Teaching and documenting good practices for managing the data and software side of a project is anyway a great idea. I think a couple of example templates that are more similar to real-life research projects in our field could help.
Sorry for the long post, but I hope it is helpful !
I disagree on Jupyter notebooks. In this context, they would be run automatically, top-to-bottom and version controlled without outputs, so apart from their json formatting that’s not very different from a python script alone.
It does encourage keeping notes (“We do this extra step Y because of problem X, but we don’t see the same thing further down”) and text close to where the plots are made (“The green points show … - wait, I only see blue and orange points. Must have forgotten to update the latex when I changed the plot script”).
However, I don’t disagree enough to try to stop you from advocating plain python scripts. Whatever the format, the ideas are the same: Make it reproducible, script as much as you can etc.
Personally, I often mirror my overleaf texts to github, but at least last time I checked git access to overleaf was only available on paid plans and I often work with collaborators without institutional accounts. In that case, it’s involved to keep overleaf writing and other work in sync.
I guess it depends on how simple or complex your template wants to be and who the target audience is. When I read the initial post, I thought of a simple template with few options for simple projects that helps people new to git etc. I would not necessarily use and explain e.g. git-lfs in the first step (e.g. on my office desktop the system version of git is too old for git-lsf. Sure, I can work around that, but at some point, I’m just going to quit and do what I always did instead of jumping through a lot of hoops to follow a new template that makes me more work).
Of course, you can have a more complex template with a different target audience.
The opinions about Jupyter notebooks originate partly from the people behind the data science cookie cutter, who make these points in their manual. I think they have a point if you need more detailed programming in your script. They are fine for explaining analysis steps at a very high level, but things can get messy if you start defining all kinds of functions and classes in there. In such cases, it is probably better to put the detailed implementations in a python module and import that in the notebook. But, this is of course a matter of opinion.
Regarding the templates, I would say the target audience would be (PhD) students who do not have developed a file organisation structure of their own. And again, a template would be a starting point and nothing is really final. You can change things in the directory structure or ignore certain features as you see fit.

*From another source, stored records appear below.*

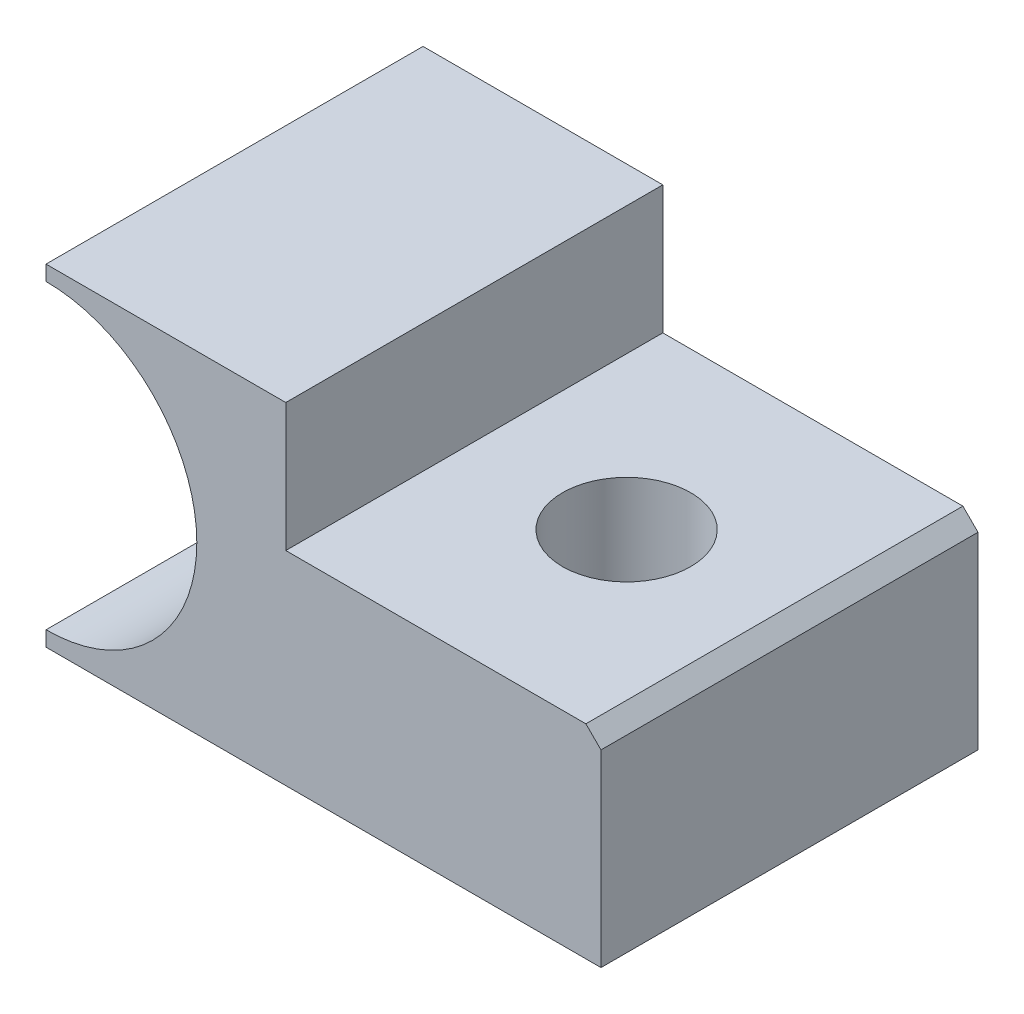
ISO-10303-21;
HEADER;
FILE_DESCRIPTION(('STEP AP214'),'2;1');
FILE_NAME('part.step','',(''),(''),'','','');
FILE_SCHEMA(('AUTOMOTIVE_DESIGN { 1 0 10303 214 1 1 1 1 }'));
ENDSEC;
DATA;
#1=APPLICATION_CONTEXT('core data for automotive mechanical design processes');
#2=APPLICATION_PROTOCOL_DEFINITION('international standard','automotive_design',2000,#1);
#3=PRODUCT_CONTEXT('',#1,'mechanical');
#4=PRODUCT('Part','Part','',(#3));
#5=PRODUCT_RELATED_PRODUCT_CATEGORY('part','',(#4));
#6=PRODUCT_DEFINITION_FORMATION('','',#4);
#7=PRODUCT_DEFINITION_CONTEXT('part definition',#1,'design');
#8=PRODUCT_DEFINITION('design','',#6,#7);
#9=PRODUCT_DEFINITION_SHAPE('','',#8);
#10=(LENGTH_UNIT() NAMED_UNIT(*) SI_UNIT(.MILLI.,.METRE.));
#11=(NAMED_UNIT(*) PLANE_ANGLE_UNIT() SI_UNIT($,.RADIAN.));
#12=(NAMED_UNIT(*) SI_UNIT($,.STERADIAN.) SOLID_ANGLE_UNIT());
#13=UNCERTAINTY_MEASURE_WITH_UNIT(LENGTH_MEASURE(1.E-05),#10,'distance_accuracy_value','');
#14=(GEOMETRIC_REPRESENTATION_CONTEXT(3) GLOBAL_UNCERTAINTY_ASSIGNED_CONTEXT((#13)) GLOBAL_UNIT_ASSIGNED_CONTEXT((#10,
#11,#12)) REPRESENTATION_CONTEXT('',''));
#15=CARTESIAN_POINT('',(0.,0.,0.));
#16=DIRECTION('',(0.,0.,1.));
#17=DIRECTION('',(1.,0.,0.));
#18=AXIS2_PLACEMENT_3D('',#15,#16,#17);
#19=CARTESIAN_POINT('',(0.,27.94,31.75));
#20=DIRECTION('',(0.,-1.,0.));
#21=DIRECTION('',(0.,0.,-1.));
#22=AXIS2_PLACEMENT_3D('',#19,#20,#21);
#23=PLANE('',#22);
#24=DIRECTION('',(-1.,0.,0.));
#25=VECTOR('',#24,1.);
#26=CARTESIAN_POINT('',(0.,27.94,0.));
#27=LINE('',#26,#25);
#28=CARTESIAN_POINT('',(20.193,27.94,0.));
#29=VERTEX_POINT('',#28);
#30=CARTESIAN_POINT('',(0.,27.94,0.));
#31=VERTEX_POINT('',#30);
#32=EDGE_CURVE('E146',#29,#31,#27,.T.);
#33=ORIENTED_EDGE('',*,*,#32,.T.);
#34=DIRECTION('',(0.,0.,-1.));
#35=VECTOR('',#34,1.);
#36=CARTESIAN_POINT('',(0.,27.94,31.75));
#37=LINE('',#36,#35);
#38=CARTESIAN_POINT('',(0.,27.94,31.75));
#39=VERTEX_POINT('',#38);
#40=EDGE_CURVE('E127',#39,#31,#37,.T.);
#41=ORIENTED_EDGE('',*,*,#40,.F.);
#42=DIRECTION('',(-1.,0.,0.));
#43=VECTOR('',#42,1.);
#44=CARTESIAN_POINT('',(0.,27.94,31.75));
#45=LINE('',#44,#43);
#46=CARTESIAN_POINT('',(20.193,27.94,31.75));
#47=VERTEX_POINT('',#46);
#48=EDGE_CURVE('E134',#47,#39,#45,.T.);
#49=ORIENTED_EDGE('',*,*,#48,.F.);
#50=DIRECTION('',(0.,0.,-1.));
#51=VECTOR('',#50,1.);
#52=CARTESIAN_POINT('',(20.193,27.94,31.75));
#53=LINE('',#52,#51);
#54=EDGE_CURVE('E166',#47,#29,#53,.T.);
#55=ORIENTED_EDGE('',*,*,#54,.T.);
#56=EDGE_LOOP('',(#33,#41,#49,#55));
#57=FACE_BOUND('',#56,.T.);
#58=ADVANCED_FACE('F51',(#57),#23,.F.);
#59=CARTESIAN_POINT('',(0.,26.67,31.75));
#60=DIRECTION('',(1.,0.,0.));
#61=DIRECTION('',(0.,0.,-1.));
#62=AXIS2_PLACEMENT_3D('',#59,#60,#61);
#63=PLANE('',#62);
#64=DIRECTION('',(0.,-1.,0.));
#65=VECTOR('',#64,1.);
#66=CARTESIAN_POINT('',(0.,26.67,0.));
#67=LINE('',#66,#65);
#68=CARTESIAN_POINT('',(0.,26.67,0.));
#69=VERTEX_POINT('',#68);
#70=EDGE_CURVE('E179',#31,#69,#67,.T.);
#71=ORIENTED_EDGE('',*,*,#70,.T.);
#72=DIRECTION('',(0.,0.,-1.));
#73=VECTOR('',#72,1.);
#74=CARTESIAN_POINT('',(0.,26.67,31.75));
#75=LINE('',#74,#73);
#76=CARTESIAN_POINT('',(0.,26.67,31.75));
#77=VERTEX_POINT('',#76);
#78=EDGE_CURVE('E130',#77,#69,#75,.T.);
#79=ORIENTED_EDGE('',*,*,#78,.F.);
#80=DIRECTION('',(0.,-1.,0.));
#81=VECTOR('',#80,1.);
#82=CARTESIAN_POINT('',(0.,26.67,31.75));
#83=LINE('',#82,#81);
#84=EDGE_CURVE('E123',#39,#77,#83,.T.);
#85=ORIENTED_EDGE('',*,*,#84,.F.);
#86=ORIENTED_EDGE('',*,*,#40,.T.);
#87=EDGE_LOOP('',(#71,#79,#85,#86));
#88=FACE_BOUND('',#87,.T.);
#89=ADVANCED_FACE('F125',(#88),#63,.F.);
#90=CARTESIAN_POINT('',(0.,13.97,31.75));
#91=DIRECTION('',(0.,0.,-1.));
#92=DIRECTION('',(-1.,0.,0.));
#93=AXIS2_PLACEMENT_3D('',#90,#91,#92);
#94=CYLINDRICAL_SURFACE('',#93,12.7);
#95=CARTESIAN_POINT('',(0.,13.97,0.));
#96=DIRECTION('',(0.,0.,-1.));
#97=DIRECTION('',(1.,0.,0.));
#98=AXIS2_PLACEMENT_3D('',#95,#96,#97);
#99=CIRCLE('',#98,12.7);
#100=CARTESIAN_POINT('',(0.,1.27,0.));
#101=VERTEX_POINT('',#100);
#102=EDGE_CURVE('E177',#69,#101,#99,.T.);
#103=ORIENTED_EDGE('',*,*,#102,.T.);
#104=DIRECTION('',(0.,0.,-1.));
#105=VECTOR('',#104,1.);
#106=CARTESIAN_POINT('',(0.,1.27,31.75));
#107=LINE('',#106,#105);
#108=CARTESIAN_POINT('',(0.,1.27,31.75));
#109=VERTEX_POINT('',#108);
#110=EDGE_CURVE('E151',#109,#101,#107,.T.);
#111=ORIENTED_EDGE('',*,*,#110,.F.);
#112=CARTESIAN_POINT('',(0.,13.97,31.75));
#113=DIRECTION('',(0.,0.,-1.));
#114=DIRECTION('',(1.,0.,0.));
#115=AXIS2_PLACEMENT_3D('',#112,#113,#114);
#116=CIRCLE('',#115,12.7);
#117=EDGE_CURVE('E133',#77,#109,#116,.T.);
#118=ORIENTED_EDGE('',*,*,#117,.F.);
#119=ORIENTED_EDGE('',*,*,#78,.T.);
#120=EDGE_LOOP('',(#103,#111,#118,#119));
#121=FACE_BOUND('',#120,.T.);
#122=ADVANCED_FACE('F226',(#121),#94,.F.);
#123=CARTESIAN_POINT('',(0.,1.27,31.75));
#124=DIRECTION('',(1.,0.,0.));
#125=DIRECTION('',(0.,1.,0.));
#126=AXIS2_PLACEMENT_3D('',#123,#124,#125);
#127=PLANE('',#126);
#128=DIRECTION('',(0.,-1.,0.));
#129=VECTOR('',#128,1.);
#130=CARTESIAN_POINT('',(0.,1.27,0.));
#131=LINE('',#130,#129);
#132=CARTESIAN_POINT('',(0.,0.,0.));
#133=VERTEX_POINT('',#132);
#134=EDGE_CURVE('E175',#101,#133,#131,.T.);
#135=ORIENTED_EDGE('',*,*,#134,.T.);
#136=DIRECTION('',(0.,0.,-1.));
#137=VECTOR('',#136,1.);
#138=CARTESIAN_POINT('',(0.,0.,31.75));
#139=LINE('',#138,#137);
#140=CARTESIAN_POINT('',(0.,0.,31.75));
#141=VERTEX_POINT('',#140);
#142=EDGE_CURVE('E157',#141,#133,#139,.T.);
#143=ORIENTED_EDGE('',*,*,#142,.F.);
#144=DIRECTION('',(0.,-1.,0.));
#145=VECTOR('',#144,1.);
#146=CARTESIAN_POINT('',(0.,1.27,31.75));
#147=LINE('',#146,#145);
#148=EDGE_CURVE('E190',#109,#141,#147,.T.);
#149=ORIENTED_EDGE('',*,*,#148,.F.);
#150=ORIENTED_EDGE('',*,*,#110,.T.);
#151=EDGE_LOOP('',(#135,#143,#149,#150));
#152=FACE_BOUND('',#151,.T.);
#153=ADVANCED_FACE('F223',(#152),#127,.F.);
#154=CARTESIAN_POINT('',(0.,0.,31.75));
#155=DIRECTION('',(0.,1.,0.));
#156=DIRECTION('',(0.,0.,1.));
#157=AXIS2_PLACEMENT_3D('',#154,#155,#156);
#158=PLANE('',#157);
#159=CARTESIAN_POINT('',(33.02,0.,15.875));
#160=DIRECTION('',(0.,1.,0.));
#161=DIRECTION('',(0.,0.,1.));
#162=AXIS2_PLACEMENT_3D('',#159,#160,#161);
#163=CIRCLE('',#162,5.3975);
#164=CARTESIAN_POINT('',(33.02,0.,21.2725));
#165=VERTEX_POINT('',#164);
#166=EDGE_CURVE('E182',#165,#165,#163,.T.);
#167=ORIENTED_EDGE('',*,*,#166,.T.);
#168=EDGE_LOOP('',(#167));
#169=FACE_BOUND('',#168,.T.);
#170=DIRECTION('',(1.,0.,0.));
#171=VECTOR('',#170,1.);
#172=CARTESIAN_POINT('',(0.,0.,0.));
#173=LINE('',#172,#171);
#174=CARTESIAN_POINT('',(46.736,0.,0.));
#175=VERTEX_POINT('',#174);
#176=EDGE_CURVE('E173',#133,#175,#173,.T.);
#177=ORIENTED_EDGE('',*,*,#176,.T.);
#178=DIRECTION('',(0.,0.,-1.));
#179=VECTOR('',#178,1.);
#180=CARTESIAN_POINT('',(46.736,0.,31.75));
#181=LINE('',#180,#179);
#182=CARTESIAN_POINT('',(46.736,0.,31.75));
#183=VERTEX_POINT('',#182);
#184=EDGE_CURVE('E160',#183,#175,#181,.T.);
#185=ORIENTED_EDGE('',*,*,#184,.F.);
#186=DIRECTION('',(1.,0.,0.));
#187=VECTOR('',#186,1.);
#188=CARTESIAN_POINT('',(0.,0.,31.75));
#189=LINE('',#188,#187);
#190=EDGE_CURVE('E188',#141,#183,#189,.T.);
#191=ORIENTED_EDGE('',*,*,#190,.F.);
#192=ORIENTED_EDGE('',*,*,#142,.T.);
#193=EDGE_LOOP('',(#177,#185,#191,#192));
#194=FACE_BOUND('',#193,.T.);
#195=ADVANCED_FACE('F219',(#169,#194),#158,.F.);
#196=CARTESIAN_POINT('',(46.736,0.,31.75));
#197=DIRECTION('',(-1.,0.,0.));
#198=DIRECTION('',(0.,0.,1.));
#199=AXIS2_PLACEMENT_3D('',#196,#197,#198);
#200=PLANE('',#199);
#201=DIRECTION('',(0.,1.,0.));
#202=VECTOR('',#201,1.);
#203=CARTESIAN_POINT('',(46.736,0.,0.));
#204=LINE('',#203,#202);
#205=CARTESIAN_POINT('',(46.736,15.875,0.));
#206=VERTEX_POINT('',#205);
#207=EDGE_CURVE('E171',#175,#206,#204,.T.);
#208=ORIENTED_EDGE('',*,*,#207,.T.);
#209=DIRECTION('',(0.,0.,1.));
#210=VECTOR('',#209,1.);
#211=CARTESIAN_POINT('',(46.736,15.875,31.75));
#212=LINE('',#211,#210);
#213=CARTESIAN_POINT('',(46.736,15.875,31.75));
#214=VERTEX_POINT('',#213);
#215=EDGE_CURVE('E60',#206,#214,#212,.T.);
#216=ORIENTED_EDGE('',*,*,#215,.T.);
#217=DIRECTION('',(0.,1.,0.));
#218=VECTOR('',#217,1.);
#219=CARTESIAN_POINT('',(46.736,0.,31.75));
#220=LINE('',#219,#218);
#221=EDGE_CURVE('E186',#183,#214,#220,.T.);
#222=ORIENTED_EDGE('',*,*,#221,.F.);
#223=ORIENTED_EDGE('',*,*,#184,.T.);
#224=EDGE_LOOP('',(#208,#216,#222,#223));
#225=FACE_BOUND('',#224,.T.);
#226=ADVANCED_FACE('F205',(#225),#200,.F.);
#227=CARTESIAN_POINT('',(20.193,17.145,31.75));
#228=DIRECTION('',(0.,-1.,0.));
#229=DIRECTION('',(0.,0.,-1.));
#230=AXIS2_PLACEMENT_3D('',#227,#228,#229);
#231=PLANE('',#230);
#232=CARTESIAN_POINT('',(33.02,17.145,15.875));
#233=DIRECTION('',(0.,1.,0.));
#234=DIRECTION('',(0.,0.,1.));
#235=AXIS2_PLACEMENT_3D('',#232,#233,#234);
#236=CIRCLE('',#235,5.3975);
#237=CARTESIAN_POINT('',(33.02,17.145,21.2725));
#238=VERTEX_POINT('',#237);
#239=EDGE_CURVE('E195',#238,#238,#236,.T.);
#240=ORIENTED_EDGE('',*,*,#239,.F.);
#241=EDGE_LOOP('',(#240));
#242=FACE_BOUND('',#241,.T.);
#243=DIRECTION('',(-1.,0.,0.));
#244=VECTOR('',#243,1.);
#245=CARTESIAN_POINT('',(20.193,17.145,31.75));
#246=LINE('',#245,#244);
#247=CARTESIAN_POINT('',(45.466,17.145,31.75));
#248=VERTEX_POINT('',#247);
#249=CARTESIAN_POINT('',(20.193,17.145,31.75));
#250=VERTEX_POINT('',#249);
#251=EDGE_CURVE('E184',#248,#250,#246,.T.);
#252=ORIENTED_EDGE('',*,*,#251,.F.);
#253=DIRECTION('',(0.,0.,-1.));
#254=VECTOR('',#253,1.);
#255=CARTESIAN_POINT('',(45.466,17.145,31.75));
#256=LINE('',#255,#254);
#257=CARTESIAN_POINT('',(45.466,17.145,0.));
#258=VERTEX_POINT('',#257);
#259=EDGE_CURVE('E147',#248,#258,#256,.T.);
#260=ORIENTED_EDGE('',*,*,#259,.T.);
#261=DIRECTION('',(-1.,0.,0.));
#262=VECTOR('',#261,1.);
#263=CARTESIAN_POINT('',(20.193,17.145,0.));
#264=LINE('',#263,#262);
#265=CARTESIAN_POINT('',(20.193,17.145,0.));
#266=VERTEX_POINT('',#265);
#267=EDGE_CURVE('E169',#258,#266,#264,.T.);
#268=ORIENTED_EDGE('',*,*,#267,.T.);
#269=DIRECTION('',(0.,0.,-1.));
#270=VECTOR('',#269,1.);
#271=CARTESIAN_POINT('',(20.193,17.145,31.75));
#272=LINE('',#271,#270);
#273=EDGE_CURVE('E163',#250,#266,#272,.T.);
#274=ORIENTED_EDGE('',*,*,#273,.F.);
#275=EDGE_LOOP('',(#252,#260,#268,#274));
#276=FACE_BOUND('',#275,.T.);
#277=ADVANCED_FACE('F201',(#242,#276),#231,.F.);
#278=CARTESIAN_POINT('',(20.193,27.94,31.75));
#279=DIRECTION('',(-1.,0.,0.));
#280=DIRECTION('',(0.,0.,1.));
#281=AXIS2_PLACEMENT_3D('',#278,#279,#280);
#282=PLANE('',#281);
#283=DIRECTION('',(0.,1.,0.));
#284=VECTOR('',#283,1.);
#285=CARTESIAN_POINT('',(20.193,27.94,0.));
#286=LINE('',#285,#284);
#287=EDGE_CURVE('E143',#266,#29,#286,.T.);
#288=ORIENTED_EDGE('',*,*,#287,.T.);
#289=ORIENTED_EDGE('',*,*,#54,.F.);
#290=DIRECTION('',(0.,1.,0.));
#291=VECTOR('',#290,1.);
#292=CARTESIAN_POINT('',(20.193,27.94,31.75));
#293=LINE('',#292,#291);
#294=EDGE_CURVE('E139',#250,#47,#293,.T.);
#295=ORIENTED_EDGE('',*,*,#294,.F.);
#296=ORIENTED_EDGE('',*,*,#273,.T.);
#297=EDGE_LOOP('',(#288,#289,#295,#296));
#298=FACE_BOUND('',#297,.T.);
#299=ADVANCED_FACE('F204',(#298),#282,.F.);
#300=CARTESIAN_POINT('',(0.,13.97,31.75));
#301=DIRECTION('',(0.,0.,1.));
#302=DIRECTION('',(1.,0.,0.));
#303=AXIS2_PLACEMENT_3D('',#300,#301,#302);
#304=PLANE('',#303);
#305=ORIENTED_EDGE('',*,*,#221,.T.);
#306=DIRECTION('',(0.707106781186546,-0.70710678118655,0.));
#307=VECTOR('',#306,1.);
#308=CARTESIAN_POINT('',(24.3205000000001,38.2905,31.75));
#309=LINE('',#308,#307);
#310=EDGE_CURVE('E11',#214,#248,#309,.F.);
#311=ORIENTED_EDGE('',*,*,#310,.T.);
#312=ORIENTED_EDGE('',*,*,#251,.T.);
#313=ORIENTED_EDGE('',*,*,#294,.T.);
#314=ORIENTED_EDGE('',*,*,#48,.T.);
#315=ORIENTED_EDGE('',*,*,#84,.T.);
#316=ORIENTED_EDGE('',*,*,#117,.T.);
#317=ORIENTED_EDGE('',*,*,#148,.T.);
#318=ORIENTED_EDGE('',*,*,#190,.T.);
#319=EDGE_LOOP('',(#305,#311,#312,#313,#314,#315,#316,#317,#318));
#320=FACE_BOUND('',#319,.T.);
#321=ADVANCED_FACE('F137',(#320),#304,.T.);
#322=CARTESIAN_POINT('',(0.,13.97,0.));
#323=DIRECTION('',(0.,0.,1.));
#324=DIRECTION('',(1.,0.,0.));
#325=AXIS2_PLACEMENT_3D('',#322,#323,#324);
#326=PLANE('',#325);
#327=ORIENTED_EDGE('',*,*,#267,.F.);
#328=DIRECTION('',(-0.707106781186546,0.70710678118655,0.));
#329=VECTOR('',#328,1.);
#330=CARTESIAN_POINT('',(45.466,17.145,0.));
#331=LINE('',#330,#329);
#332=EDGE_CURVE('E74',#258,#206,#331,.F.);
#333=ORIENTED_EDGE('',*,*,#332,.T.);
#334=ORIENTED_EDGE('',*,*,#207,.F.);
#335=ORIENTED_EDGE('',*,*,#176,.F.);
#336=ORIENTED_EDGE('',*,*,#134,.F.);
#337=ORIENTED_EDGE('',*,*,#102,.F.);
#338=ORIENTED_EDGE('',*,*,#70,.F.);
#339=ORIENTED_EDGE('',*,*,#32,.F.);
#340=ORIENTED_EDGE('',*,*,#287,.F.);
#341=EDGE_LOOP('',(#327,#333,#334,#335,#336,#337,#338,#339,#340));
#342=FACE_BOUND('',#341,.T.);
#343=ADVANCED_FACE('F216',(#342),#326,.F.);
#344=CARTESIAN_POINT('',(33.02,17.145,15.875));
#345=DIRECTION('',(0.,1.,0.));
#346=DIRECTION('',(0.,0.,1.));
#347=AXIS2_PLACEMENT_3D('',#344,#345,#346);
#348=CYLINDRICAL_SURFACE('',#347,5.3975);
#349=ORIENTED_EDGE('',*,*,#166,.F.);
#350=EDGE_LOOP('',(#349));
#351=FACE_BOUND('',#350,.T.);
#352=ORIENTED_EDGE('',*,*,#239,.T.);
#353=EDGE_LOOP('',(#352));
#354=FACE_BOUND('',#353,.T.);
#355=ADVANCED_FACE('F199',(#351,#354),#348,.F.);
#356=CARTESIAN_POINT('',(45.466,17.145,31.75));
#357=DIRECTION('',(-0.70710678118655,-0.707106781186546,0.));
#358=DIRECTION('',(0.,0.,-1.));
#359=AXIS2_PLACEMENT_3D('',#356,#357,#358);
#360=PLANE('',#359);
#361=ORIENTED_EDGE('',*,*,#310,.F.);
#362=ORIENTED_EDGE('',*,*,#215,.F.);
#363=ORIENTED_EDGE('',*,*,#332,.F.);
#364=ORIENTED_EDGE('',*,*,#259,.F.);
#365=EDGE_LOOP('',(#361,#362,#363,#364));
#366=FACE_BOUND('',#365,.T.);
#367=ADVANCED_FACE('F54',(#366),#360,.F.);
#368=CLOSED_SHELL('',(#58,#89,#122,#153,#195,#226,#277,#299,#321,#343,#355,#367));
#369=MANIFOLD_SOLID_BREP('B2',#368);
#370=ADVANCED_BREP_SHAPE_REPRESENTATION('',(#18,#369),#14);
#371=SHAPE_DEFINITION_REPRESENTATION(#9,#370);
ENDSEC;
END-ISO-10303-21;

Researchers in a later career stage have developed their own directory structures and workflows, which are probably much harder to change. However, they may get inspired by templates and/or the open data discussion in general to make changes in their workflow to make it better reproducible. For many tools and tricks, it means that you need to invest some time on the short term to win more time on the long term. Since it is very human to prefer quick wins on the short term over long term benefits, this will be a challenge in the coming years.